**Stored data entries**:
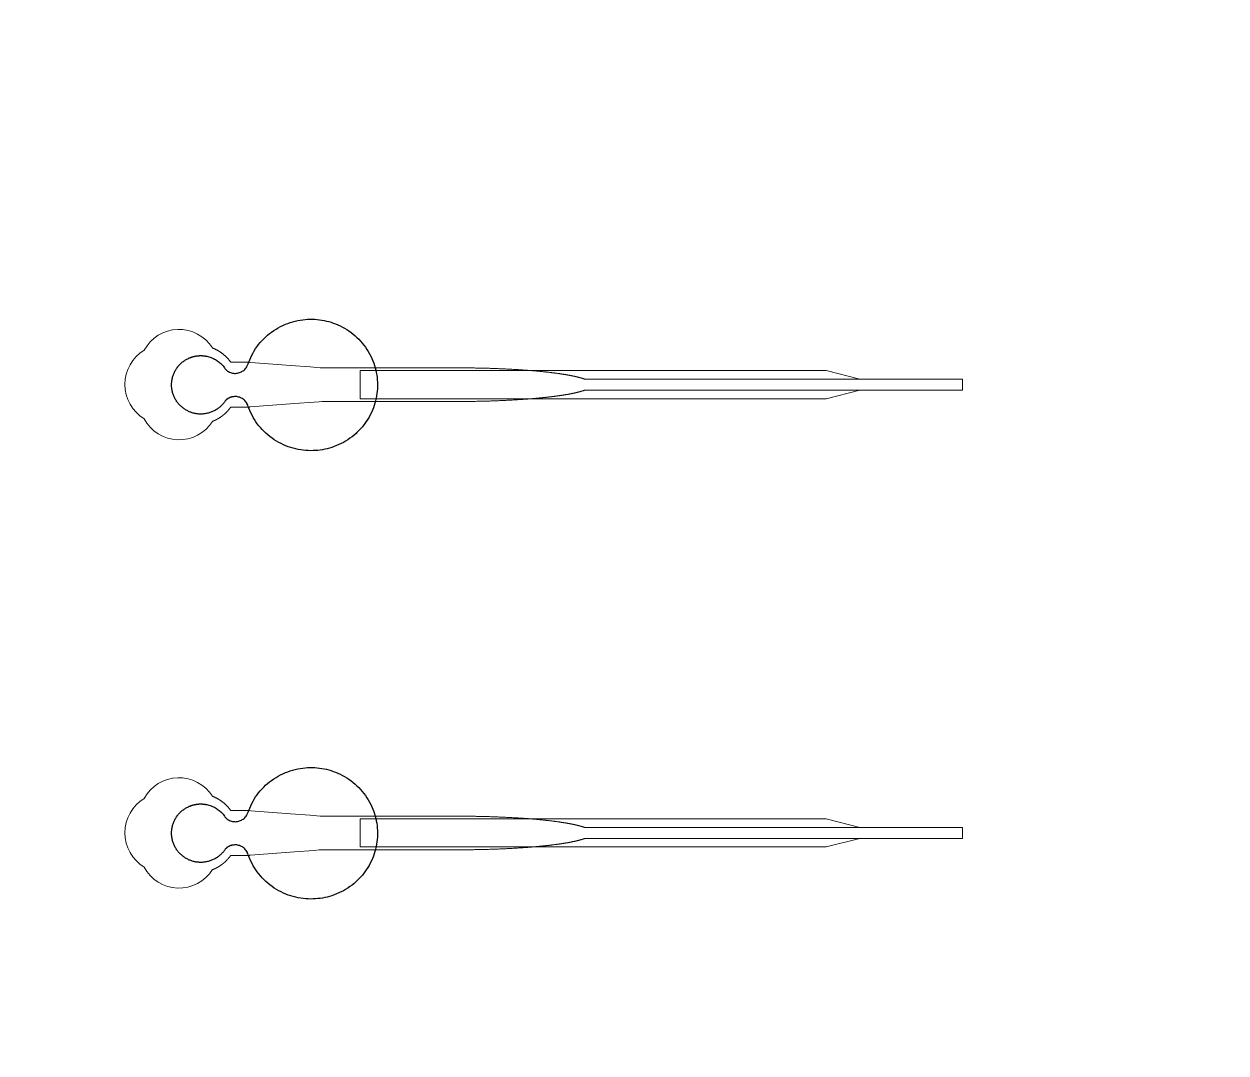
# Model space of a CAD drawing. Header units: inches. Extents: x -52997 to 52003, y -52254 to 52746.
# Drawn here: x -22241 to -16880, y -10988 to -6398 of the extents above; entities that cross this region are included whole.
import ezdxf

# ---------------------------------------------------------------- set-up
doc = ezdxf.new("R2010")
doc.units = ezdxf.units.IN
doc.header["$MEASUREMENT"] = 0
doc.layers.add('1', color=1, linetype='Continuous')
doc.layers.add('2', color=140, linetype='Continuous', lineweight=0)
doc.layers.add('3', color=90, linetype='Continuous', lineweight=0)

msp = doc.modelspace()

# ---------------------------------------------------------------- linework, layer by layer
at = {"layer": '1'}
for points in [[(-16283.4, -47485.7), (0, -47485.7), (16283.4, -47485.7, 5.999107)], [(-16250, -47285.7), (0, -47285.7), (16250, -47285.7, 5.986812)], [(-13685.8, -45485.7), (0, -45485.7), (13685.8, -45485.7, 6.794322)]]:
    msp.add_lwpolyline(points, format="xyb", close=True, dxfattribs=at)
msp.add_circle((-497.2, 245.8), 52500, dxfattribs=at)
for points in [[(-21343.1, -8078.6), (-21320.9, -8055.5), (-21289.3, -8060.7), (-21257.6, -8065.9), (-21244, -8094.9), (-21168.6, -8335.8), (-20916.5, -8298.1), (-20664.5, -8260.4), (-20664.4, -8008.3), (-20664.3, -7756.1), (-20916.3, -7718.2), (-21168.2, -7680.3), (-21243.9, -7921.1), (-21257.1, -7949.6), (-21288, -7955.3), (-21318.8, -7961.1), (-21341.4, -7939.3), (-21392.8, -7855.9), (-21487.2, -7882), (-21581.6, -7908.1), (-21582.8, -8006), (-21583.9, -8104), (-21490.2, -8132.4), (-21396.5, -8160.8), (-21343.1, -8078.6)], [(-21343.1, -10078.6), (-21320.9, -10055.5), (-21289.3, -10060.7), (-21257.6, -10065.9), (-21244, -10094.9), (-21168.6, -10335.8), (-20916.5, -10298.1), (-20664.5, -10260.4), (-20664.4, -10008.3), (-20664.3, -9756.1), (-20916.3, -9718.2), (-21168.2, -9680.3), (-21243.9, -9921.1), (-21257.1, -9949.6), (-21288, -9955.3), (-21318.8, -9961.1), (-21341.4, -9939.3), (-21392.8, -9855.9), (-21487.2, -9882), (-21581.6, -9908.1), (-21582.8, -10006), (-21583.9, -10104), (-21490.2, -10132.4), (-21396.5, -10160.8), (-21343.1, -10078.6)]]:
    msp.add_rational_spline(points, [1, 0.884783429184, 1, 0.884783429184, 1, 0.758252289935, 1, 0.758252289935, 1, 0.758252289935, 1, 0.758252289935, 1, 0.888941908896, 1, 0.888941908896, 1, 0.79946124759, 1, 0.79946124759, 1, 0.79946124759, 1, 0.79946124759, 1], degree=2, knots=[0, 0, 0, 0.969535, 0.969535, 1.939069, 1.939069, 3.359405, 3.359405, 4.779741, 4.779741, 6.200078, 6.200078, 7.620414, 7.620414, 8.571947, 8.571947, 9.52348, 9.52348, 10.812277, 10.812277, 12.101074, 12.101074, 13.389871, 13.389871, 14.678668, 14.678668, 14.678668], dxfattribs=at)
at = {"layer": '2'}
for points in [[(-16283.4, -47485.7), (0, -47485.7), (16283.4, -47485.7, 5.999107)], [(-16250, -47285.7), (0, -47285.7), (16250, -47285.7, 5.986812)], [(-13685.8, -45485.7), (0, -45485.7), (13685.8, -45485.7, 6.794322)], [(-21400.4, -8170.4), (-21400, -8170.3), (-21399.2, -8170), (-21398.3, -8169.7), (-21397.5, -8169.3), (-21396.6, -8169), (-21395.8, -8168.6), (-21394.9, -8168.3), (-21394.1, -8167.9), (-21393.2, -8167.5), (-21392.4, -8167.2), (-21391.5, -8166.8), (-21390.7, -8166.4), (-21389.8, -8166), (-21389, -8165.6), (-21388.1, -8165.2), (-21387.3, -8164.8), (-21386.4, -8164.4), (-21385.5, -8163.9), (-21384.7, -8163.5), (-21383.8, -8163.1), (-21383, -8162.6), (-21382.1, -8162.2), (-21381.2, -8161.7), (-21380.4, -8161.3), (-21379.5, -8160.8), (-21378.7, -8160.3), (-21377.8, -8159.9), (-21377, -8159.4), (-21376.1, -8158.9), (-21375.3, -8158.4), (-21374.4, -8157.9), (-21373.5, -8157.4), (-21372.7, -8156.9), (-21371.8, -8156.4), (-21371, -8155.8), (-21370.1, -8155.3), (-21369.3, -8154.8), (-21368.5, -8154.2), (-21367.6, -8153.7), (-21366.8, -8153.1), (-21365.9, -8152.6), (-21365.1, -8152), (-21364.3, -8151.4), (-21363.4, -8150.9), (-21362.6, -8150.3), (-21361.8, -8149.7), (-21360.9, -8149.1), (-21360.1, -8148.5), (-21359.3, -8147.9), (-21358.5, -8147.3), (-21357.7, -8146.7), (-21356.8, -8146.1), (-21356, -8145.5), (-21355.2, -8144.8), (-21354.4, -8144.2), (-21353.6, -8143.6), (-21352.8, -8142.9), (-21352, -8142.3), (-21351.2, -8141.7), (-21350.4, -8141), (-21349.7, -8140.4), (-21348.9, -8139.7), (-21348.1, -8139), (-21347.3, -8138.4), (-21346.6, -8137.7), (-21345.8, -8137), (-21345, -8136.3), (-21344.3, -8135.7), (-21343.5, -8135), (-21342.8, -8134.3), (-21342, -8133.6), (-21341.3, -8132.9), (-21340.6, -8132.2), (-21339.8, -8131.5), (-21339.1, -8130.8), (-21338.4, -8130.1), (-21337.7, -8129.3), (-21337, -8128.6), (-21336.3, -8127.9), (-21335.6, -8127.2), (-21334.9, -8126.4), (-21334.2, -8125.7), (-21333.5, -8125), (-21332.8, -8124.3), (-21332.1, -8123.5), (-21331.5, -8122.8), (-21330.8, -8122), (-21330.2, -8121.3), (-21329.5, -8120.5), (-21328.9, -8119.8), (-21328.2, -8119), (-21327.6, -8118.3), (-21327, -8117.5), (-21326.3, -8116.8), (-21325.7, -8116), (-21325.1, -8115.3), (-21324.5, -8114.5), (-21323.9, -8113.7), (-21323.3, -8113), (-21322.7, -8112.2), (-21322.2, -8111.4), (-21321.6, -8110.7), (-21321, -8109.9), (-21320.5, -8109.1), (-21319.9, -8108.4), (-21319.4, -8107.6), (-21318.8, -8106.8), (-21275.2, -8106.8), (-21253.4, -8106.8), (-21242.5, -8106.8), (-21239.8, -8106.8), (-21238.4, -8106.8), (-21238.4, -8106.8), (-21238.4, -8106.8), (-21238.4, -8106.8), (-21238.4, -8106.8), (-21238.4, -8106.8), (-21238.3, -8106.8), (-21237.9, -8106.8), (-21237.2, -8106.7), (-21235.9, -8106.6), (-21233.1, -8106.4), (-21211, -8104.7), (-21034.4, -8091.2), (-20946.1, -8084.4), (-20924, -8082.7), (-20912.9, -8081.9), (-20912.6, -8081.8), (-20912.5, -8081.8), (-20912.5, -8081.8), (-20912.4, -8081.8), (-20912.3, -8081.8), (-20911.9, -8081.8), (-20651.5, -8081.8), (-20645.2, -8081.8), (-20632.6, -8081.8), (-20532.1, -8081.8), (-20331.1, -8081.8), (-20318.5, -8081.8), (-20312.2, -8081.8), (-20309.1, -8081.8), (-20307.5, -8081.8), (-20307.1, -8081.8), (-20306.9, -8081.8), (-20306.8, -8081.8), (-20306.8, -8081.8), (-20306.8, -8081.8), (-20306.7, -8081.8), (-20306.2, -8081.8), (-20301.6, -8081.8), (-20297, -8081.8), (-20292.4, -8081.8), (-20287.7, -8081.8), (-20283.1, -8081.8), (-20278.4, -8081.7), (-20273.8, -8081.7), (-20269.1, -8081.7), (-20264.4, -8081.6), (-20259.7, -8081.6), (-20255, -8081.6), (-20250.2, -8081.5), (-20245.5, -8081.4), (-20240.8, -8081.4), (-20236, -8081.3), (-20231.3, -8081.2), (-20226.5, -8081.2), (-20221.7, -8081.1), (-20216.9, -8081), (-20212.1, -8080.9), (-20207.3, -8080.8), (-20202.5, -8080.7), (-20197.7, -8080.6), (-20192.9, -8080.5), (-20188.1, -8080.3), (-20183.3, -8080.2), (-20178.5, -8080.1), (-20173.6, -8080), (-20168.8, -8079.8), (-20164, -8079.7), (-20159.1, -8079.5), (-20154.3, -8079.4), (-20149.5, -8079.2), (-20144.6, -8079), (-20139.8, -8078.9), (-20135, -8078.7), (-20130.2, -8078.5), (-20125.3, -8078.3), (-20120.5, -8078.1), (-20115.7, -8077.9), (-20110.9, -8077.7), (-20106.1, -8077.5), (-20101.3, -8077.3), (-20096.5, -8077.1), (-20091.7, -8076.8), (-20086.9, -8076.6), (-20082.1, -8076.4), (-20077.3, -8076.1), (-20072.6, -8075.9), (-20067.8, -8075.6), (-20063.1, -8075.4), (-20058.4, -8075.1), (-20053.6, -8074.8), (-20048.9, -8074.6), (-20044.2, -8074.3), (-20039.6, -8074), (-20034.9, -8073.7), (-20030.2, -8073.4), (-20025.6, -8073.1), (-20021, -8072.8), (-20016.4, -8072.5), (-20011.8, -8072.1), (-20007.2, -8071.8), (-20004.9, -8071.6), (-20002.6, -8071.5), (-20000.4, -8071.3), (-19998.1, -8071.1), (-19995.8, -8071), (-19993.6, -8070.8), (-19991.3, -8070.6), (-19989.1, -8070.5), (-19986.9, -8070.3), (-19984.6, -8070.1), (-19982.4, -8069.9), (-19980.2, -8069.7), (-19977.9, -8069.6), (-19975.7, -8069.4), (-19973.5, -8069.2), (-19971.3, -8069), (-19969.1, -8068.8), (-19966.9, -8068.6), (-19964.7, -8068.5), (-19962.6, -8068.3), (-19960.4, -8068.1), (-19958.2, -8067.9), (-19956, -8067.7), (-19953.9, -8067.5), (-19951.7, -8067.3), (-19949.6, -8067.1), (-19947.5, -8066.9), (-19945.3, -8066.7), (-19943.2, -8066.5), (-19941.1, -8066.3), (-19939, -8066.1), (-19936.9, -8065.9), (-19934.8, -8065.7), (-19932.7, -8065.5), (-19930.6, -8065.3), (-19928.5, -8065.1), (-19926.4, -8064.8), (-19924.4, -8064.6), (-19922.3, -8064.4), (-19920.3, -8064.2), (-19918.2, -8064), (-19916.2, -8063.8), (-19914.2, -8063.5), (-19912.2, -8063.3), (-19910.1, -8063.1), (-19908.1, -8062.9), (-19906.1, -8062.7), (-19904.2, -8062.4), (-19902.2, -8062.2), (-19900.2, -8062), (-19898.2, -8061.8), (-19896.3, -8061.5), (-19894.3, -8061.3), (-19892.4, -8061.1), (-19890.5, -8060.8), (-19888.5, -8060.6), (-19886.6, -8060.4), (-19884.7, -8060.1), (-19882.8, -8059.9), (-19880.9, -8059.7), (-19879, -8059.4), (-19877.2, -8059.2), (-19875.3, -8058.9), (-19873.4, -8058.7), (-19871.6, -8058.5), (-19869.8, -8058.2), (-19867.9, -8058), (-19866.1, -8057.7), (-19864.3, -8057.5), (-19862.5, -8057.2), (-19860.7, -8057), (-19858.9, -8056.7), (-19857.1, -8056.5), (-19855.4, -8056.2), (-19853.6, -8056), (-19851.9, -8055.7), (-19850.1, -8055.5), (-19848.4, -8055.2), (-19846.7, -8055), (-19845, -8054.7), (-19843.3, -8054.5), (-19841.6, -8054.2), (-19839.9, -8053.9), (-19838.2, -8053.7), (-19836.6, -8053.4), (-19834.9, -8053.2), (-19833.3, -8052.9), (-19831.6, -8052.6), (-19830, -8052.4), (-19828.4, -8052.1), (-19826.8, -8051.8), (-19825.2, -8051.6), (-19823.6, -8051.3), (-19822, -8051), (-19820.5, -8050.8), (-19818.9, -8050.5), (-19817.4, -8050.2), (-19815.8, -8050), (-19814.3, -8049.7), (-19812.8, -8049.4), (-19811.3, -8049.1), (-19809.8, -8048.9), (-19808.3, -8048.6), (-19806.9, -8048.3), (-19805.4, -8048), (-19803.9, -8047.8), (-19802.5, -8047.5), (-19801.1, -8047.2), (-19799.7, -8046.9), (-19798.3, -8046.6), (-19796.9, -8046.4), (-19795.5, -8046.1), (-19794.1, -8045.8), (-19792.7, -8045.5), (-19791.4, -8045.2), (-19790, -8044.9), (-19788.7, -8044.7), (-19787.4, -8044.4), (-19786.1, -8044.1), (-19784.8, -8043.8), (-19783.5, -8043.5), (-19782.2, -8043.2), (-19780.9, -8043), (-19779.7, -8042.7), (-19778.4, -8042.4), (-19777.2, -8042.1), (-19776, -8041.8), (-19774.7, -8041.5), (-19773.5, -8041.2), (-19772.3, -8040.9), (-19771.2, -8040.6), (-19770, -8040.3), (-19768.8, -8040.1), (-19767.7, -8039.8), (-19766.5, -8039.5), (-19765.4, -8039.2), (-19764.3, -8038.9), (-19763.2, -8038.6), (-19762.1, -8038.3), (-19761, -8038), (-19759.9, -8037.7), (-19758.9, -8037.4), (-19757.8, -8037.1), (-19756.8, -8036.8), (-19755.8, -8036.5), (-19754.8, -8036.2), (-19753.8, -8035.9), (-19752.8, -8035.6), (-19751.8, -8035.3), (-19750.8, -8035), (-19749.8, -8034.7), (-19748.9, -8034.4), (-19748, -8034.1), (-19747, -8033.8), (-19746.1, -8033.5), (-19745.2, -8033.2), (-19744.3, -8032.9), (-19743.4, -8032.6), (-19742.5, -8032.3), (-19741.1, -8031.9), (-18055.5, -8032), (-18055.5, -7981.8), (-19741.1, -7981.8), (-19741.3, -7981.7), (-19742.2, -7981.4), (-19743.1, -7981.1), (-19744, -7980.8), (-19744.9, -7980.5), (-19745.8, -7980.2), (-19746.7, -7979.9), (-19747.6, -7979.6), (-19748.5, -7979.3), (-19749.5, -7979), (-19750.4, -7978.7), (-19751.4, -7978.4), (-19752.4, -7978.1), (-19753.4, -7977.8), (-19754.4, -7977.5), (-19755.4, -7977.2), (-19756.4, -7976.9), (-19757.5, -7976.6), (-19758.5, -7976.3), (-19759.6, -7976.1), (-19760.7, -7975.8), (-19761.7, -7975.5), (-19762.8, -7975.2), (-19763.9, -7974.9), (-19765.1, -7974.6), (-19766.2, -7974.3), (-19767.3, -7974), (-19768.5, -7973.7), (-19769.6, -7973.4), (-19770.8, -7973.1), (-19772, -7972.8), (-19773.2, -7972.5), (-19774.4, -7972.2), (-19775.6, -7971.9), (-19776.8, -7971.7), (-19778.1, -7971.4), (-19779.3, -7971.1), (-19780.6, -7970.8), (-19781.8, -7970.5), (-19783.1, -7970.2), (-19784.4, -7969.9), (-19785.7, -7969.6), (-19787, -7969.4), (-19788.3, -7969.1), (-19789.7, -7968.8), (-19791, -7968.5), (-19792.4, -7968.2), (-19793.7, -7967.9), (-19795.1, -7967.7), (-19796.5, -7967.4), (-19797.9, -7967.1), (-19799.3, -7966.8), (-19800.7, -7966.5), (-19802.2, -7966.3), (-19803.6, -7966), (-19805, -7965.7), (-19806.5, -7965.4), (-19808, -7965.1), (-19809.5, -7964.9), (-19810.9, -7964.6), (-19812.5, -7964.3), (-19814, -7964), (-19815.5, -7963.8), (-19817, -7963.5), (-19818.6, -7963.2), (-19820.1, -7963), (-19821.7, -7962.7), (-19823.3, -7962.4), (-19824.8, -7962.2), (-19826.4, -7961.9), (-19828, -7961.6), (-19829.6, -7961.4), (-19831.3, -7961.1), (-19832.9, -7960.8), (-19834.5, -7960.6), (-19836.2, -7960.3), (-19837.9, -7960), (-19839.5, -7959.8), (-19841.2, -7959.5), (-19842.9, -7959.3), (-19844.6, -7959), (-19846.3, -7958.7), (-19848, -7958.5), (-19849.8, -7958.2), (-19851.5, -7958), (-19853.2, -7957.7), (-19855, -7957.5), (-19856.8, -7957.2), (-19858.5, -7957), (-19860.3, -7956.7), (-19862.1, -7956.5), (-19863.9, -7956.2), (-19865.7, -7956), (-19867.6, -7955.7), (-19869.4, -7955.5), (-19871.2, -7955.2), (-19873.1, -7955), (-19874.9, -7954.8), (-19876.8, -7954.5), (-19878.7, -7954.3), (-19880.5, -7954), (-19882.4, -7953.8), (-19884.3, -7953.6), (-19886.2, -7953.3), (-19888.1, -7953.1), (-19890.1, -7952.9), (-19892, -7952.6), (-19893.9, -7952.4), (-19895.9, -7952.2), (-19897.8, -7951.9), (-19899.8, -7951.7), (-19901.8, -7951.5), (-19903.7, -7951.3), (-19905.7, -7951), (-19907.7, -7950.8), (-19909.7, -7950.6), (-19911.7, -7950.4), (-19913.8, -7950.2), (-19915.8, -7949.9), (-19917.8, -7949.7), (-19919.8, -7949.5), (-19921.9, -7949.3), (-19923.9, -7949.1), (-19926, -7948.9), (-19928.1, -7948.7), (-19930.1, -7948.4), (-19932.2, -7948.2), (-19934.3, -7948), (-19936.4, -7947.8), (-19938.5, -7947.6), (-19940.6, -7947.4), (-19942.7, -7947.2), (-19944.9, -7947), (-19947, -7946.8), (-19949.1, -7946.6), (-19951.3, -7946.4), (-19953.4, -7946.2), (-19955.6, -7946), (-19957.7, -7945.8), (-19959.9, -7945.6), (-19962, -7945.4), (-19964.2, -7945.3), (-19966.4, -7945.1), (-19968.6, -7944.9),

**ACTION ITEM**: Identify the lines above with the word "linetype". Copy them.

**TASK SOLUTION**:
doc.layers.add('1', color=1, linetype='Continuous')
doc.layers.add('2', color=140, linetype='Continuous', lineweight=0)
doc.layers.add('3', color=90, linetype='Continuous', lineweight=0)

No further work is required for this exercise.